Jankowski Aleksander, Obara Paulina, Mathur Utsav, Tiuryn Jerzy
Faculty of Mathematics, Informatics and Mechanics, University of Warsaw, Banacha 2, Warsaw, 02-097, Poland.
Current address: Genome Biology Unit, European Molecular Biology Laboratory, Meyerhofstraße 1, Heidelberg, 69117, Germany.
BMC Syst Biol. 2016 Feb 4;10:14. doi: 10.1186/s12918-016-0258-3.
The enhanceosome is an enhancer located upstream of the human interferon β gene, bound by transcription factor (TF) complex of extremely rigid structure. Within these rigid constraints, even a slight change of distances between transcription factor binding sites (TFBS) results in loss of functionality of the enhanceosome. We hypothesized that smaller subunits of the enhanceosome may entail TF complex formation in other regulatory regions.

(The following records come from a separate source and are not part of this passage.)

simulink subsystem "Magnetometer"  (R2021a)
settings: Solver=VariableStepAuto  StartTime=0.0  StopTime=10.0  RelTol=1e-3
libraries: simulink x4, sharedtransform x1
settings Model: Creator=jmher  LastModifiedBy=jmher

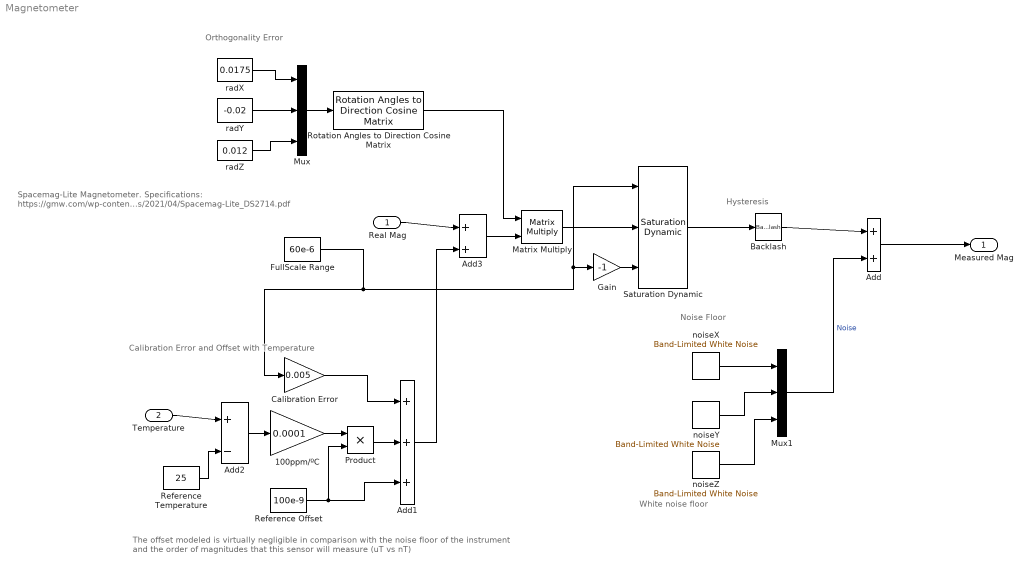
== system Magnetometer ==
  note: Hysteresis
  note: Noise Floor
  note: Orthogonality Error
  note: Calibration Error and Offset
      | with Temperature
  note: Spacemag-Lite Magnetometer.
      |
      | Specifications: https://gmw.com/wp-content/uploads/2021/04/Spacemag-Lite_DS2714.pdf
  note: White noise floor
  note: The offset modeled is virtually negligible in comparison with the noise floor of the instrument and the order of magnitudes that this sensor will measure (uT vs nT)
  Real Mag : Inport
  Temperature : Inport  Port=2
  100ppm/ºC : Gain  Gain=0.0001
  Add : Sum  Inputs=+|+
  Add1 : Sum  Inputs=+|+|+
  Add2 : Sum  Inputs=+|-
  Add3 : Sum  Inputs=+|+
  Backlash : Backlash  BacklashWidth=hyst  InputProcessing=Columns as channels (frame based)
  Calibration Error : Gain  Gain=0.005
  FullScale Range : Constant  Value=60e-6
  Gain : Gain  Gain=-1
  Matrix Multiply : Product  Multiplication=Matrix(*)
  Mux : Mux  Inputs=3
  Mux1 : Mux  Inputs=3
  Product : Product
  Reference Offset : Constant  Value=100e-9
  Reference Temperature : Constant  Value=25
  Rotation Angles to Direction Cosine Matrix : sharedtransform/Rotation Angles to Direction Cosine Matrix  rotationOrder=ZYX  aMode=aMode
      settings: SourceProductBaseCode=AE,PW,DR,MT,UV,VE
  Saturation Dynamic : simulink/Discontinuities/Saturation Dynamic  OutMin=[]  OutMax=[]  OutDataTypeStr=Inherit: Same as second input  OutDataType=fixdt(1, 16)  OutScaling=2^-10  RndMeth=Round  DoSatur=off
  noiseX : simulink/Sources/Band-Limited White Noise  Cov=noiseDens  Ts=0.001  seed=[47561]
  noiseY : simulink/Sources/Band-Limited White Noise  Cov=noiseDens  Ts=0.001  seed=[238641]
  noiseZ : simulink/Sources/Band-Limited White Noise  Cov=noiseDens  Ts=0.001  seed=[23341]
  radX : Constant  Value=0.0175
  radY : Constant  Value=-0.02
  radZ : Constant  Value=0.012
  Measured Mag : Outport
  wires:
  FullScale Range/1 -> Calibration Error/1, Gain/1, Saturation Dynamic/1
  Gain/1 -> Saturation Dynamic/3
  Mux/1 -> Rotation Angles to Direction Cosine Matrix/1
  radX/1 -> Mux/1
  radY/1 -> Mux/2
  radZ/1 -> Mux/3
  Rotation Angles to Direction Cosine Matrix/1 -> Matrix Multiply/1
  noiseX/1 -> Mux1/1
  noiseY/1 -> Mux1/2
  noiseZ/1 -> Mux1/3
  Add/1 -> Measured Mag/1
  Backlash/1 -> Add/1
  Mux1/1 -> Add/2  "Noise"
  Calibration Error/1 -> Add1/1
  Add2/1 -> 100ppm/ºC/1
  Temperature/1 -> Add2/1
  Reference Temperature/1 -> Add2/2
  Reference Offset/1 -> Add1/3, Product/2
  Add1/1 -> Add3/2
  Real Mag/1 -> Add3/1
  Add3/1 -> Matrix Multiply/2
  Matrix Multiply/1 -> Saturation Dynamic/2
  Saturation Dynamic/1 -> Backlash/1
  100ppm/ºC/1 -> Product/1
  Product/1 -> Add1/2

In order to verify this hypothesis we systematically searched for dimerization preferences of the TFs that have TFBS in the enhanceosome. For this we utilized our recently developed tool, TACO. We performed this computational experiment in a cell-type-specific manner by utilizing cell-type-specific DNase-seq data for 105 human cell types. We also used 20 TRANSFAC motifs comprising not only the usual TFs constituting the enhanceosome but also the architectural proteins of High Mobility Group I(Y) (HMG I). A similar experiment used 42 DNase-seq data sets for mouse cell types. We found 137 statistically significant dimer predictions in the human genome, and 37 predictions in the mouse genome, that matched the positioning on the enhanceosome with ±2 bp tolerance. To characterize these predicted TF dimers, we performed functional analysis (Gene Ontology enrichment) for sets of genes which were in the neighbourhood of predicted dimer instances. A notable feature of these instances is that (1) most of them are located in introns of genes, (2) they are enriched in regulatory states, and (3) those instances that are located near transcription start sites are enriched for inclusion in computationally predicted enhancers. We also investigated similarity of dimer predictions between human and mouse.
It follows from our experiments that, except for homodimer formed by IRF proteins, the rest of the dimers were formed exclusively between one of the transcriptional activators (ATF-2/c-Jun and IRF) and a HMG I protein. NF- κB did not participate in forming dimers with other proteins. Dimers predicted in mouse were fully contained in those predicted in human, with exactly the same spacing and orientation. Intriguingly, in most of the cases the enhanceosome motifs have 1 bp wider spacing than the corresponding dimers predicted genome-wide, which is likely caused by the overall 3D structure constraints of the enhanceosome-bound complex.
增强体是位于人类干扰素β基因上游的一种增强子,由结构极其刚性的转录因子(TF)复合物结合。在这些严格的限制条件下,转录因子结合位点(TFBS)之间哪怕距离稍有变化都会导致增强体功能丧失。我们推测增强体的较小亚基可能在其他调控区域参与TF复合物的形成。
为了验证这一假设,我们系统地搜索了在增强体中具有TFBS的TF的二聚化偏好。为此,我们利用了我们最近开发的工具TACO。我们通过利用105种人类细胞类型的细胞类型特异性DNase-seq数据,以细胞类型特异性的方式进行了这个计算实验。我们还使用了20个TRANSFAC基序,其中不仅包括构成增强体的常见TF,还包括高迁移率族蛋白I(Y)(HMG I)的结构蛋白。类似的实验使用了42个小鼠细胞类型的DNase-seq数据集。我们在人类基因组中发现了137个具有统计学意义的二聚体预测结果,在小鼠基因组中发现了37个预测结果,这些结果与增强体上的定位匹配,容差为±2 bp。为了表征这些预测的TF二聚体,我们对预测二聚体实例附近的基因集进行了功能分析(基因本体富集)。这些实例的一个显著特征是:(1)它们大多数位于基因的内含子中;(2)它们在调控状态中富集;(3)那些位于转录起始位点附近的实例在计算预测的增强子中富集。我们还研究了人类和小鼠之间二聚体预测的相似性。
从我们的实验可以得出,除了由IRF蛋白形成的同二聚体外,其余的二聚体仅在一种转录激活因子(ATF-2/c-Jun和IRF)与一种HMG I蛋白之间形成。NF-κB不参与与其他蛋白形成二聚体。在小鼠中预测的二聚体完全包含在人类中预测的二聚体中,具有完全相同的间距和方向。有趣的是,在大多数情况下,增强体基序的间距比全基因组预测的相应二聚体宽1 bp,这可能是由与增强体结合的复合物的整体三维结构限制导致的。